:: TASK DESCRIPTION ::
In the material below, find the line that contains "#23=PLANE('',#22);" and the line that contains "#34=FACE_BOUND('',#33,.T.);", then write out exactly those two lines and everything between them.

-=-=-=-=-

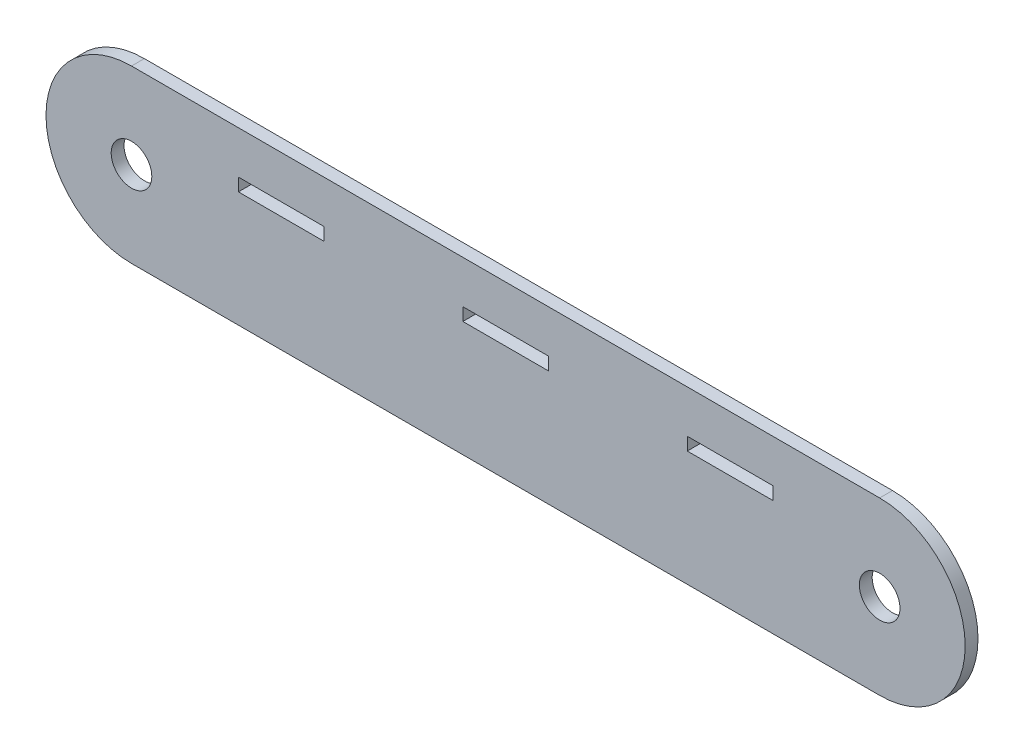
ISO-10303-21;
HEADER;
FILE_DESCRIPTION(('STEP AP214'),'2;1');
FILE_NAME('part.step','',(''),(''),'','','');
FILE_SCHEMA(('AUTOMOTIVE_DESIGN { 1 0 10303 214 1 1 1 1 }'));
ENDSEC;
DATA;
#1=APPLICATION_CONTEXT('core data for automotive mechanical design processes');
#2=APPLICATION_PROTOCOL_DEFINITION('international standard','automotive_design',2000,#1);
#3=PRODUCT_CONTEXT('',#1,'mechanical');
#4=PRODUCT('Part','Part','',(#3));
#5=PRODUCT_RELATED_PRODUCT_CATEGORY('part','',(#4));
#6=PRODUCT_DEFINITION_FORMATION('','',#4);
#7=PRODUCT_DEFINITION_CONTEXT('part definition',#1,'design');
#8=PRODUCT_DEFINITION('design','',#6,#7);
#9=PRODUCT_DEFINITION_SHAPE('','',#8);
#10=(LENGTH_UNIT() NAMED_UNIT(*) SI_UNIT(.MILLI.,.METRE.));
#11=(NAMED_UNIT(*) PLANE_ANGLE_UNIT() SI_UNIT($,.RADIAN.));
#12=(NAMED_UNIT(*) SI_UNIT($,.STERADIAN.) SOLID_ANGLE_UNIT());
#13=UNCERTAINTY_MEASURE_WITH_UNIT(LENGTH_MEASURE(1.E-05),#10,'distance_accuracy_value','');
#14=(GEOMETRIC_REPRESENTATION_CONTEXT(3) GLOBAL_UNCERTAINTY_ASSIGNED_CONTEXT((#13)) GLOBAL_UNIT_ASSIGNED_CONTEXT((#10,
#11,#12)) REPRESENTATION_CONTEXT('',''));
#15=CARTESIAN_POINT('',(0.,0.,0.));
#16=DIRECTION('',(0.,0.,1.));
#17=DIRECTION('',(1.,0.,0.));
#18=AXIS2_PLACEMENT_3D('',#15,#16,#17);
#19=CARTESIAN_POINT('',(-35.5296878485161,2.13114754098369,6.));
#20=DIRECTION('',(0.,0.,1.));
#21=DIRECTION('',(1.,0.,0.));
#22=AXIS2_PLACEMENT_3D('',#19,#20,#21);
#23=PLANE('',#22);
#24=CARTESIAN_POINT('',(-35.5296878485161,2.13114754098369,6.));
#25=DIRECTION('',(0.,0.,1.));
#26=DIRECTION('',(1.,0.,0.));
#27=AXIS2_PLACEMENT_3D('',#24,#25,#26);
#28=CIRCLE('',#27,9.5);
#29=CARTESIAN_POINT('',(-26.0296878485161,2.13114754098369,6.));
#30=VERTEX_POINT('',#29);
#31=EDGE_CURVE('E294',#30,#30,#28,.T.);
#32=ORIENTED_EDGE('',*,*,#31,.F.);
#33=EDGE_LOOP('',(#32));
#34=FACE_BOUND('',#33,.T.);
#35=CARTESIAN_POINT('',(-35.5296878485161,2.13114754098369,6.));
#36=DIRECTION('',(0.,0.,1.));
#37=DIRECTION('',(1.,0.,0.));
#38=AXIS2_PLACEMENT_3D('',#35,#36,#37);
#39=CIRCLE('',#38,40.);
#40=CARTESIAN_POINT('',(-35.5296878485161,42.1311475409837,6.));
#41=VERTEX_POINT('',#40);
#42=CARTESIAN_POINT('',(-35.5296878485161,-37.8688524590163,6.));
#43=VERTEX_POINT('',#42);
#44=EDGE_CURVE('E302',#41,#43,#39,.T.);
#45=ORIENTED_EDGE('',*,*,#44,.T.);
#46=DIRECTION('',(1.,0.,0.));
#47=VECTOR('',#46,1.);
#48=CARTESIAN_POINT('',(-35.5296878485161,-37.8688524590163,6.));
#49=LINE('',#48,#47);
#50=CARTESIAN_POINT('',(314.470312151484,-37.8688524590163,6.));
#51=VERTEX_POINT('',#50);
#52=EDGE_CURVE('E306',#43,#51,#49,.T.);
#53=ORIENTED_EDGE('',*,*,#52,.T.);
#54=CARTESIAN_POINT('',(314.470312151484,2.13114754098369,6.));
#55=DIRECTION('',(0.,0.,1.));
#56=DIRECTION('',(1.,0.,0.));
#57=AXIS2_PLACEMENT_3D('',#54,#55,#56);
#58=CIRCLE('',#57,40.);
#59=CARTESIAN_POINT('',(314.470312151484,42.1311475409837,6.));
#60=VERTEX_POINT('',#59);
#61=EDGE_CURVE('E310',#51,#60,#58,.T.);
#62=ORIENTED_EDGE('',*,*,#61,.T.);
#63=DIRECTION('',(-1.,0.,0.));
#64=VECTOR('',#63,1.);
#65=CARTESIAN_POINT('',(-35.5296878485161,42.1311475409837,6.));
#66=LINE('',#65,#64);
#67=EDGE_CURVE('E313',#60,#41,#66,.T.);
#68=ORIENTED_EDGE('',*,*,#67,.T.);
#69=EDGE_LOOP('',(#45,#53,#62,#68));
#70=FACE_BOUND('',#69,.T.);
#71=CARTESIAN_POINT('',(314.470312151484,2.13114754098369,6.));
#72=DIRECTION('',(0.,0.,1.));
#73=DIRECTION('',(1.,0.,0.));
#74=AXIS2_PLACEMENT_3D('',#71,#72,#73);
#75=CIRCLE('',#74,9.50000000000001);
#76=CARTESIAN_POINT('',(323.970312151484,2.13114754098369,6.));
#77=VERTEX_POINT('',#76);
#78=EDGE_CURVE('E286',#77,#77,#75,.T.);
#79=ORIENTED_EDGE('',*,*,#78,.F.);
#80=EDGE_LOOP('',(#79));
#81=FACE_BOUND('',#80,.T.);
#82=DIRECTION('',(1.,0.,0.));
#83=VECTOR('',#82,1.);
#84=CARTESIAN_POINT('',(159.470312151484,16.1311475409837,6.));
#85=LINE('',#84,#83);
#86=CARTESIAN_POINT('',(119.470312151484,16.1311475409837,6.));
#87=VERTEX_POINT('',#86);
#88=CARTESIAN_POINT('',(159.470312151484,16.1311475409837,6.));
#89=VERTEX_POINT('',#88);
#90=EDGE_CURVE('E246',#87,#89,#85,.T.);
#91=ORIENTED_EDGE('',*,*,#90,.F.);
#92=DIRECTION('',(0.,-1.,0.));
#93=VECTOR('',#92,1.);
#94=CARTESIAN_POINT('',(119.470312151484,16.1311475409837,6.));
#95=LINE('',#94,#93);
#96=CARTESIAN_POINT('',(119.470312151484,22.1311475409837,6.));
#97=VERTEX_POINT('',#96);
#98=EDGE_CURVE('E243',#97,#87,#95,.T.);
#99=ORIENTED_EDGE('',*,*,#98,.F.);
#100=DIRECTION('',(-1.,0.,0.));
#101=VECTOR('',#100,1.);
#102=CARTESIAN_POINT('',(159.470312151484,22.1311475409837,6.));
#103=LINE('',#102,#101);
#104=CARTESIAN_POINT('',(159.470312151484,22.1311475409837,6.));
#105=VERTEX_POINT('',#104);
#106=EDGE_CURVE('E254',#105,#97,#103,.T.);
#107=ORIENTED_EDGE('',*,*,#106,.F.);
#108=DIRECTION('',(0.,1.,0.));
#109=VECTOR('',#108,1.);
#110=CARTESIAN_POINT('',(159.470312151484,16.1311475409837,6.));
#111=LINE('',#110,#109);
#112=EDGE_CURVE('E250',#89,#105,#111,.T.);
#113=ORIENTED_EDGE('',*,*,#112,.F.);
#114=EDGE_LOOP('',(#91,#99,#107,#113));
#115=FACE_BOUND('',#114,.T.);
#116=DIRECTION('',(-1.,0.,0.));
#117=VECTOR('',#116,1.);
#118=CARTESIAN_POINT('',(224.470312151484,22.1311475409837,6.));
#119=LINE('',#118,#117);
#120=CARTESIAN_POINT('',(264.470312151484,22.1311475409837,6.));
#121=VERTEX_POINT('',#120);
#122=CARTESIAN_POINT('',(224.470312151484,22.1311475409837,6.));
#123=VERTEX_POINT('',#122);
#124=EDGE_CURVE('E203',#121,#123,#119,.T.);
#125=ORIENTED_EDGE('',*,*,#124,.F.);
#126=DIRECTION('',(0.,1.,0.));
#127=VECTOR('',#126,1.);
#128=CARTESIAN_POINT('',(264.470312151484,16.1311475409837,6.));
#129=LINE('',#128,#127);
#130=CARTESIAN_POINT('',(264.470312151484,16.1311475409837,6.));
#131=VERTEX_POINT('',#130);
#132=EDGE_CURVE('E200',#131,#121,#129,.T.);
#133=ORIENTED_EDGE('',*,*,#132,.F.);
#134=DIRECTION('',(1.,0.,0.));
#135=VECTOR('',#134,1.);
#136=CARTESIAN_POINT('',(224.470312151484,16.1311475409837,6.));
#137=LINE('',#136,#135);
#138=CARTESIAN_POINT('',(224.470312151484,16.1311475409837,6.));
#139=VERTEX_POINT('',#138);
#140=EDGE_CURVE('E211',#139,#131,#137,.T.);
#141=ORIENTED_EDGE('',*,*,#140,.F.);
#142=DIRECTION('',(0.,-1.,0.));
#143=VECTOR('',#142,1.);
#144=CARTESIAN_POINT('',(224.470312151484,16.1311475409837,6.));
#145=LINE('',#144,#143);
#146=EDGE_CURVE('E207',#123,#139,#145,.T.);
#147=ORIENTED_EDGE('',*,*,#146,.F.);
#148=EDGE_LOOP('',(#125,#133,#141,#147));
#149=FACE_BOUND('',#148,.T.);
#150=DIRECTION('',(1.,0.,0.));
#151=VECTOR('',#150,1.);
#152=CARTESIAN_POINT('',(54.4703121514839,16.1311475409837,6.));
#153=LINE('',#152,#151);
#154=CARTESIAN_POINT('',(14.4703121514839,16.1311475409837,6.));
#155=VERTEX_POINT('',#154);
#156=CARTESIAN_POINT('',(54.4703121514839,16.1311475409837,6.));
#157=VERTEX_POINT('',#156);
#158=EDGE_CURVE('E161',#155,#157,#153,.T.);
#159=ORIENTED_EDGE('',*,*,#158,.F.);
#160=DIRECTION('',(0.,-1.,0.));
#161=VECTOR('',#160,1.);
#162=CARTESIAN_POINT('',(14.4703121514839,16.1311475409837,6.));
#163=LINE('',#162,#161);
#164=CARTESIAN_POINT('',(14.4703121514839,22.1311475409837,6.));
#165=VERTEX_POINT('',#164);
#166=EDGE_CURVE('E152',#165,#155,#163,.T.);
#167=ORIENTED_EDGE('',*,*,#166,.F.);
#168=DIRECTION('',(-1.,0.,0.));
#169=VECTOR('',#168,1.);
#170=CARTESIAN_POINT('',(54.4703121514839,22.1311475409837,6.));
#171=LINE('',#170,#169);
#172=CARTESIAN_POINT('',(54.4703121514839,22.1311475409837,6.));
#173=VERTEX_POINT('',#172);
#174=EDGE_CURVE('E178',#173,#165,#171,.T.);
#175=ORIENTED_EDGE('',*,*,#174,.F.);
#176=DIRECTION('',(0.,1.,0.));
#177=VECTOR('',#176,1.);
#178=CARTESIAN_POINT('',(54.4703121514839,16.1311475409837,6.));
#179=LINE('',#178,#177);
#180=EDGE_CURVE('E174',#157,#173,#179,.T.);
#181=ORIENTED_EDGE('',*,*,#180,.F.);
#182=EDGE_LOOP('',(#159,#167,#175,#181));
#183=FACE_BOUND('',#182,.T.);
#184=ADVANCED_FACE('F38',(#34,#70,#81,#115,#149,#183),#23,.T.);
#185=CARTESIAN_POINT('',(-35.5296878485161,2.13114754098369,0.));
#186=DIRECTION('',(0.,0.,1.));
#187=DIRECTION('',(1.,0.,0.));
#188=AXIS2_PLACEMENT_3D('',#185,#186,#187);
#189=PLANE('',#188);
#190=DIRECTION('',(0.,1.,0.));
#191=VECTOR('',#190,1.);
#192=CARTESIAN_POINT('',(264.470312151484,16.1311475409837,0.));
#193=LINE('',#192,#191);
#194=CARTESIAN_POINT('',(264.470312151484,16.1311475409837,0.));
#195=VERTEX_POINT('',#194);
#196=CARTESIAN_POINT('',(264.470312151484,22.1311475409837,0.));
#197=VERTEX_POINT('',#196);
#198=EDGE_CURVE('E170',#195,#197,#193,.T.);
#199=ORIENTED_EDGE('',*,*,#198,.T.);
#200=DIRECTION('',(-1.,0.,0.));
#201=VECTOR('',#200,1.);
#202=CARTESIAN_POINT('',(224.470312151484,22.1311475409837,0.));
#203=LINE('',#202,#201);
#204=CARTESIAN_POINT('',(224.470312151484,22.1311475409837,0.));
#205=VERTEX_POINT('',#204);
#206=EDGE_CURVE('E218',#197,#205,#203,.T.);
#207=ORIENTED_EDGE('',*,*,#206,.T.);
#208=DIRECTION('',(0.,-1.,0.));
#209=VECTOR('',#208,1.);
#210=CARTESIAN_POINT('',(224.470312151484,16.1311475409837,0.));
#211=LINE('',#210,#209);
#212=CARTESIAN_POINT('',(224.470312151484,16.1311475409837,0.));
#213=VERTEX_POINT('',#212);
#214=EDGE_CURVE('E222',#205,#213,#211,.T.);
#215=ORIENTED_EDGE('',*,*,#214,.T.);
#216=DIRECTION('',(1.,0.,0.));
#217=VECTOR('',#216,1.);
#218=CARTESIAN_POINT('',(224.470312151484,16.1311475409837,0.));
#219=LINE('',#218,#217);
#220=EDGE_CURVE('E204',#213,#195,#219,.T.);
#221=ORIENTED_EDGE('',*,*,#220,.T.);
#222=EDGE_LOOP('',(#199,#207,#215,#221));
#223=FACE_BOUND('',#222,.T.);
#224=CARTESIAN_POINT('',(314.470312151484,2.13114754098369,0.));
#225=DIRECTION('',(0.,0.,1.));
#226=DIRECTION('',(1.,0.,0.));
#227=AXIS2_PLACEMENT_3D('',#224,#225,#226);
#228=CIRCLE('',#227,9.50000000000001);
#229=CARTESIAN_POINT('',(323.970312151484,2.13114754098369,0.));
#230=VERTEX_POINT('',#229);
#231=EDGE_CURVE('E285',#230,#230,#228,.T.);
#232=ORIENTED_EDGE('',*,*,#231,.T.);
#233=EDGE_LOOP('',(#232));
#234=FACE_BOUND('',#233,.T.);
#235=CARTESIAN_POINT('',(-35.5296878485161,2.13114754098369,0.));
#236=DIRECTION('',(0.,0.,1.));
#237=DIRECTION('',(1.,0.,0.));
#238=AXIS2_PLACEMENT_3D('',#235,#236,#237);
#239=CIRCLE('',#238,9.5);
#240=CARTESIAN_POINT('',(-26.0296878485161,2.13114754098369,0.));
#241=VERTEX_POINT('',#240);
#242=EDGE_CURVE('E290',#241,#241,#239,.T.);
#243=ORIENTED_EDGE('',*,*,#242,.T.);
#244=EDGE_LOOP('',(#243));
#245=FACE_BOUND('',#244,.T.);
#246=CARTESIAN_POINT('',(-35.5296878485161,2.13114754098369,0.));
#247=DIRECTION('',(0.,0.,1.));
#248=DIRECTION('',(1.,0.,0.));
#249=AXIS2_PLACEMENT_3D('',#246,#247,#248);
#250=CIRCLE('',#249,40.);
#251=CARTESIAN_POINT('',(-35.5296878485161,42.1311475409837,0.));
#252=VERTEX_POINT('',#251);
#253=CARTESIAN_POINT('',(-35.5296878485161,-37.8688524590163,0.));
#254=VERTEX_POINT('',#253);
#255=EDGE_CURVE('E298',#252,#254,#250,.T.);
#256=ORIENTED_EDGE('',*,*,#255,.F.);
#257=DIRECTION('',(-1.,0.,0.));
#258=VECTOR('',#257,1.);
#259=CARTESIAN_POINT('',(-35.5296878485161,42.1311475409837,0.));
#260=LINE('',#259,#258);
#261=CARTESIAN_POINT('',(314.470312151484,42.1311475409837,0.));
#262=VERTEX_POINT('',#261);
#263=EDGE_CURVE('E307',#262,#252,#260,.T.);
#264=ORIENTED_EDGE('',*,*,#263,.F.);
#265=CARTESIAN_POINT('',(314.470312151484,2.13114754098369,0.));
#266=DIRECTION('',(0.,0.,1.));
#267=DIRECTION('',(1.,0.,0.));
#268=AXIS2_PLACEMENT_3D('',#265,#266,#267);
#269=CIRCLE('',#268,40.);
#270=CARTESIAN_POINT('',(314.470312151484,-37.8688524590163,0.));
#271=VERTEX_POINT('',#270);
#272=EDGE_CURVE('E323',#271,#262,#269,.T.);
#273=ORIENTED_EDGE('',*,*,#272,.F.);
#274=DIRECTION('',(1.,0.,0.));
#275=VECTOR('',#274,1.);
#276=CARTESIAN_POINT('',(-35.5296878485161,-37.8688524590163,0.));
#277=LINE('',#276,#275);
#278=EDGE_CURVE('E320',#254,#271,#277,.T.);
#279=ORIENTED_EDGE('',*,*,#278,.F.);
#280=EDGE_LOOP('',(#256,#264,#273,#279));
#281=FACE_BOUND('',#280,.T.);
#282=DIRECTION('',(0.,-1.,0.));
#283=VECTOR('',#282,1.);
#284=CARTESIAN_POINT('',(119.470312151484,16.1311475409837,0.));
#285=LINE('',#284,#283);
#286=CARTESIAN_POINT('',(119.470312151484,22.1311475409837,0.));
#287=VERTEX_POINT('',#286);
#288=CARTESIAN_POINT('',(119.470312151484,16.1311475409837,0.));
#289=VERTEX_POINT('',#288);
#290=EDGE_CURVE('E242',#287,#289,#285,.T.);
#291=ORIENTED_EDGE('',*,*,#290,.T.);
#292=DIRECTION('',(1.,0.,0.));
#293=VECTOR('',#292,1.);
#294=CARTESIAN_POINT('',(159.470312151484,16.1311475409837,0.));
#295=LINE('',#294,#293);
#296=CARTESIAN_POINT('',(159.470312151484,16.1311475409837,0.));
#297=VERTEX_POINT('',#296);
#298=EDGE_CURVE('E261',#289,#297,#295,.T.);
#299=ORIENTED_EDGE('',*,*,#298,.T.);
#300=DIRECTION('',(0.,1.,0.));
#301=VECTOR('',#300,1.);
#302=CARTESIAN_POINT('',(159.470312151484,16.1311475409837,0.));
#303=LINE('',#302,#301);
#304=CARTESIAN_POINT('',(159.470312151484,22.1311475409837,0.));
#305=VERTEX_POINT('',#304);
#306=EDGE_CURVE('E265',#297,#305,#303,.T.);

-=-=-=-=-

:: REPLY TO THE TASK ::
#23=PLANE('',#22);
#24=CARTESIAN_POINT('',(-35.5296878485161,2.13114754098369,6.));
#25=DIRECTION('',(0.,0.,1.));
#26=DIRECTION('',(1.,0.,0.));
#27=AXIS2_PLACEMENT_3D('',#24,#25,#26);
#28=CIRCLE('',#27,9.5);
#29=CARTESIAN_POINT('',(-26.0296878485161,2.13114754098369,6.));
#30=VERTEX_POINT('',#29);
#31=EDGE_CURVE('E294',#30,#30,#28,.T.);
#32=ORIENTED_EDGE('',*,*,#31,.F.);
#33=EDGE_LOOP('',(#32));
#34=FACE_BOUND('',#33,.T.);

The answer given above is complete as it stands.